___ RAW DATA

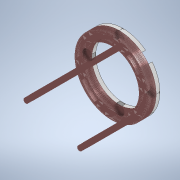
# Autodesk Inventor part: Top holder magnet
Saved by Autodesk Inventor 2022.4 (Build 264492010, 492A)
## iProperties
Created: 2023-01-04
Part Number: Top holder magnet
Material: Generic
Document SubType Name: Modeling
Designer: tmass
Density: 1 g/cm^3
Appearance: Default
Author: tmass
Autodesk Inventor part; units mm, degrees
ref_plane "YZ Plane" through (0, 0, 0) normal (1, 0, 0) x (0, 1, 0)
ref_plane "XZ Plane" through (0, 0, 0) normal (0, 1, 0) x (-1, 0, 0)
sketch "Sketch1" plane through (15.1716, 31.1499, -10) normal (0, 0, -1) x (-1, 0, 0)
  circle A0 centre (15.1718, 2.3509) radius 5.5
  circle A1 centre (15.1682, -31.1568) radius 39.0078 projected
  line L0 (15.1682, 16.6184) -> (15.1682, -92.5886) construction
  line L1 (67.6065, -31.1568) -> (-2.4603, -31.1568) construction
  circle A2 centre (-18.3396, -31.1532) radius 5.5
  circle A3 centre (15.1646, -64.6646) radius 5.5
  circle A4 centre (48.676, -31.1605) radius 5.5
  circle A5 centre (15.1721, -31.1497) radius 28.9995 projected
  circle A6 centre (15.1721, -31.1497) radius 39.0149
  circle A7 centre (15.1721, -31.1497) radius 28.9995
  point P0 (15.1716, -31.1499)
  point P1 (-17.7938, -52.0162)
  point P2 (15.182, -70.1646)
  point P3 (-13.6795, -34.0745)
  point P4 (-13.6801, -28.231)
  point P5 (18.083, -60.0028)
  point P6 (12.2483, -60.0015)
  point P7 (54.176, -31.1611)
  point P8 (54.176, -31.1568)
  dimension "d0" = 11
  dimension "d3" = 360
  constraints: 6 centre point, 4 end point, 2 coincident, 1 concentric, 1 horizontal, 1 tangent, 1 vertical, 9 other
  measures "d0" diameter of A0
extrude "Extrusion1" add sketch "Sketch1" along normal blind 4 contours A0 A5 | A0 A1 A4 A5 | A1 A6 | A0 A5 A2 A1 | A1 A4 A5 | A2 A5 A3 A1 | A2 A5 | A1 A3 A5 A4 | A3 A5 picked at (15.172, 1.1724) picked at (-17.1539, -31.1527) picked at (15.165, -63.4768)
extrude "Extrusion2" cut sketch "Sketch1" along normal blind 3.5 contours A0 A5 | A0 A5 | A1 A4 A5 | A2 A5 | A5 A4 | A3 A5 picked at (-17.1539, -31.1527) picked at (15.165, -63.4768)
sketch "Sketch3" plane through (0, 0, 0) normal (0, 1, 0) x (-1, 0, 0)
  point P0 (0, 0)
sketch "Sketch4" plane through (15.1716, 31.1499, -14) normal (0, 0, -1) x (-1, 0, 0)
  line L0 (15.1716, -11.9634) -> (15.1716, -53.9026)
  line L1 (30.3972, -46.3755) -> (6.4991, -22.4774)
  point P0 (15.1716, -31.1499)
  dimension "d9" = 135
  constraints: 4 end point, 2 point on line, 1 vertical
  measures "d9" angle of L0 L1
ref_plane "Work Plane1" through (-15.2256, -15.2256, -14) normal (0.7071, -0.7071, 0) x (0.7071, 0.7071, 0)
sketch "Sketch5" plane through (-15.2256, -15.2256, -14) normal (0.7071, -0.7071, 0) x (0.7071, 0.7071, 0)
  line L0 (50.5315, 0) -> (50.5315, 4) projected
  line L1 (50.5315, -1.9282) -> (46.5682, 5.2134)
  line L2 (46.5682, 5.2134) -> (63.3976, 5.2134)
  line L3 (63.3976, 5.2134) -> (68.7285, -4.3924)
  line L4 (68.7285, -4.3924) -> (51.8991, -4.3924)
  line L5 (51.8991, -4.3924) -> (50.5315, -1.9282)
  point P0 (21.5323, 14)
  constraints: 10 end point, 2 parallel, 2 point on line, 1 collinear, 1 perpendicular
extrude "Extrusion3" cut sketch "Sketch5" along normal mid plane 10
body "Solid1"
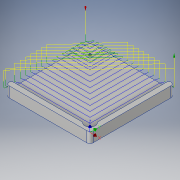
# Autodesk Inventor part: Tastplatte
Saved by Autodesk Inventor 2019 (Build 230136000, 136)
## iProperties
Created: 2021-05-14
Part Number: Tastplatte
Material: Aluminium 6061
Document SubType Name: Modeling
Designer: Michael Sumper
Density: 2.7 g/cm^3
Appearance: Aluminium - flach
Author: Michael Sumper
Autodesk Inventor part; units mm, degrees
ref_plane "YZ Plane" through (0, 0, 0) normal (1, 0, 0) x (0, 1, 0)
ref_plane "XZ Plane" through (0, 0, 0) normal (0, 1, 0) x (-1, 0, 0)
ref_plane "XY Plane" through (0, 0, 0) normal (0, 0, 1) x (1, 0, 0)
sketch "Skizze1" plane through (0, 0, 0) normal (0, 1, 0) x (-1, 0, 0)
  line L0 (-37, 40) -> (37, 40)
  line L1 (40, 37) -> (40, -37)
  line L2 (37, -40) -> (-37, -40)
  line L3 (-40, -37) -> (-40, 37)
  line L4 (-40, 40) -> (40, -40) construction
  line L5 (40, 40) -> (-40, -40) construction
  arc A0 (40, 37) -> (37, 40) centre (37, 37) ccw
  arc A1 (-37, 40) -> (-40, 37) centre (-37, 37) ccw
  arc A2 (-40, -37) -> (-37, -40) centre (-37, -37) ccw
  arc A3 (37, -40) -> (40, -37) centre (37, -37) ccw
  point P0 (0, 0)
  dimension "d0" = 80
  dimension "d1" = 80
  dimension "d2" = 3
  dimension "d3" = 3
  dimension "d4" = 3
  dimension "d5" = 3
  constraints: 12 end point, 8 point on circle, 8 point on line, 8 tangent, 4 centre point, 2 midpoint, 2 parallel, 1 horizontal, 1 perpendicular
  measures "d0" distance of L4.end L5.end
  measures "d1" distance of L5.start L4.end
  measures "d2" radius of A0
  measures "d3" radius of A1
  measures "d4" radius of A2
  measures "d5" radius of A3
extrude "Extrusion1" add sketch "Skizze1" along normal blind 12
sketch "Skizze2" plane through (0, 12, 0) normal (0, 1, 0) x (1, 0, 0)
  line L0 (-40, 37) -> (-40, -37) projected
  arc A0 (-40, -37) -> (-37, -40) centre (-37, -37) ccw projected
  line L1 (-37, -40) -> (37, -40) projected
  arc A1 (37, -40) -> (40, -37) centre (37, -37) ccw projected
  line L2 (40, -37) -> (40, 37) projected
  arc A2 (40, 37) -> (37, 40) centre (37, 37) ccw projected
  line L3 (37, 40) -> (-37, 40) projected
  arc A3 (-37, 40) -> (-40, 37) centre (-37, 37) ccw projected
  line L4 (-35, -35) -> (-35, 35) construction
  line L5 (-35, 35) -> (35, 35) construction
  line L6 (35, 35) -> (35, -28)
  line L7 (28, -35) -> (-35, -35)
  line L8 (-35, -35) -> (-40, -35)
  line L9 (35, 35) -> (35, 40)
  arc A4 (28, -35) -> (35, -28) centre (32, -32) ccw
  point P0 (0, 0)
  dimension "d8" = 5
  dimension "d21" = 10
  constraints: 12 end point, 2 perpendicular, 2 point on circle, 2 point on line, 1 centre point, 1 horizontal, 1 vertical, 2 other
  measures "d8" distance between parallel lines of L0 L4
  measures "d21" diameter of A4
extrude "Extrusion2" cut sketch "Skizze2" against normal blind 6 contours A3 L3 L9 L6 A4 L7 L8 L0
fillet "Rundung1" radius 2 1 edges at (-40, 9, 35)
sketch "Skizze3" plane through (0, 0, 0) normal (0, -1, 0) x (1, 0, 0)
  arc A0 (-40, -37) -> (-37, -40) centre (-37, -37) ccw projected
  line L0 (-37, -37) -> (0, 0) construction
  line L1 (-37, -37) -> (-29.9289, -29.9289) construction
  dimension "d13" = 10
  constraints: 4 end point, 1 coincident, 1 point on line
  measures "d13" distance of L0.start L1.end
hole "Bohrung1" at (-29.9289, 0, -29.9289) direction (0, 1, 0) diameter 2.459 end through all thread size "M3x0.5" class "6H" standard "ISO Metric profile"
sketch "Skizze4" plane through (-37, 0, 40) normal (0, 0, 1) x (1, 0, 0)
  line L0 (-3, 0) -> (0, 0) projected
  line L1 (74, 0) -> (0, 0) projected
  line L2 (74, 0) -> (77, 0) projected
  line L3 (-3, 2) -> (0, 2)
  line L4 (0, 2) -> (74, 2)
  line L5 (74, 2) -> (77, 2)
  line L6 (-3, 0) -> (-3, 6) projected
  line L7 (77, 0) -> (77, 12) projected
  point P0 (37, 0)
  dimension "d22" = 2
  constraints: 6 end point, 2 other
  measures "d22" distance between parallel lines of L1 L4
extrude "Extrusion3" cut sketch "Skizze4" against normal blind 80

______

▸ BRIEF
Your answer should consist of the lines above that hold the word "picked", copied exactly.

▸ PROBLEM SOLUTION
extrude "Extrusion1" add sketch "Sketch1" along normal blind 4 contours A0 A5 | A0 A1 A4 A5 | A1 A6 | A0 A5 A2 A1 | A1 A4 A5 | A2 A5 A3 A1 | A2 A5 | A1 A3 A5 A4 | A3 A5 picked at (15.172, 1.1724) picked at (-17.1539, -31.1527) picked at (15.165, -63.4768)
extrude "Extrusion2" cut sketch "Sketch1" along normal blind 3.5 contours A0 A5 | A0 A5 | A1 A4 A5 | A2 A5 | A5 A4 | A3 A5 picked at (-17.1539, -31.1527) picked at (15.165, -63.4768)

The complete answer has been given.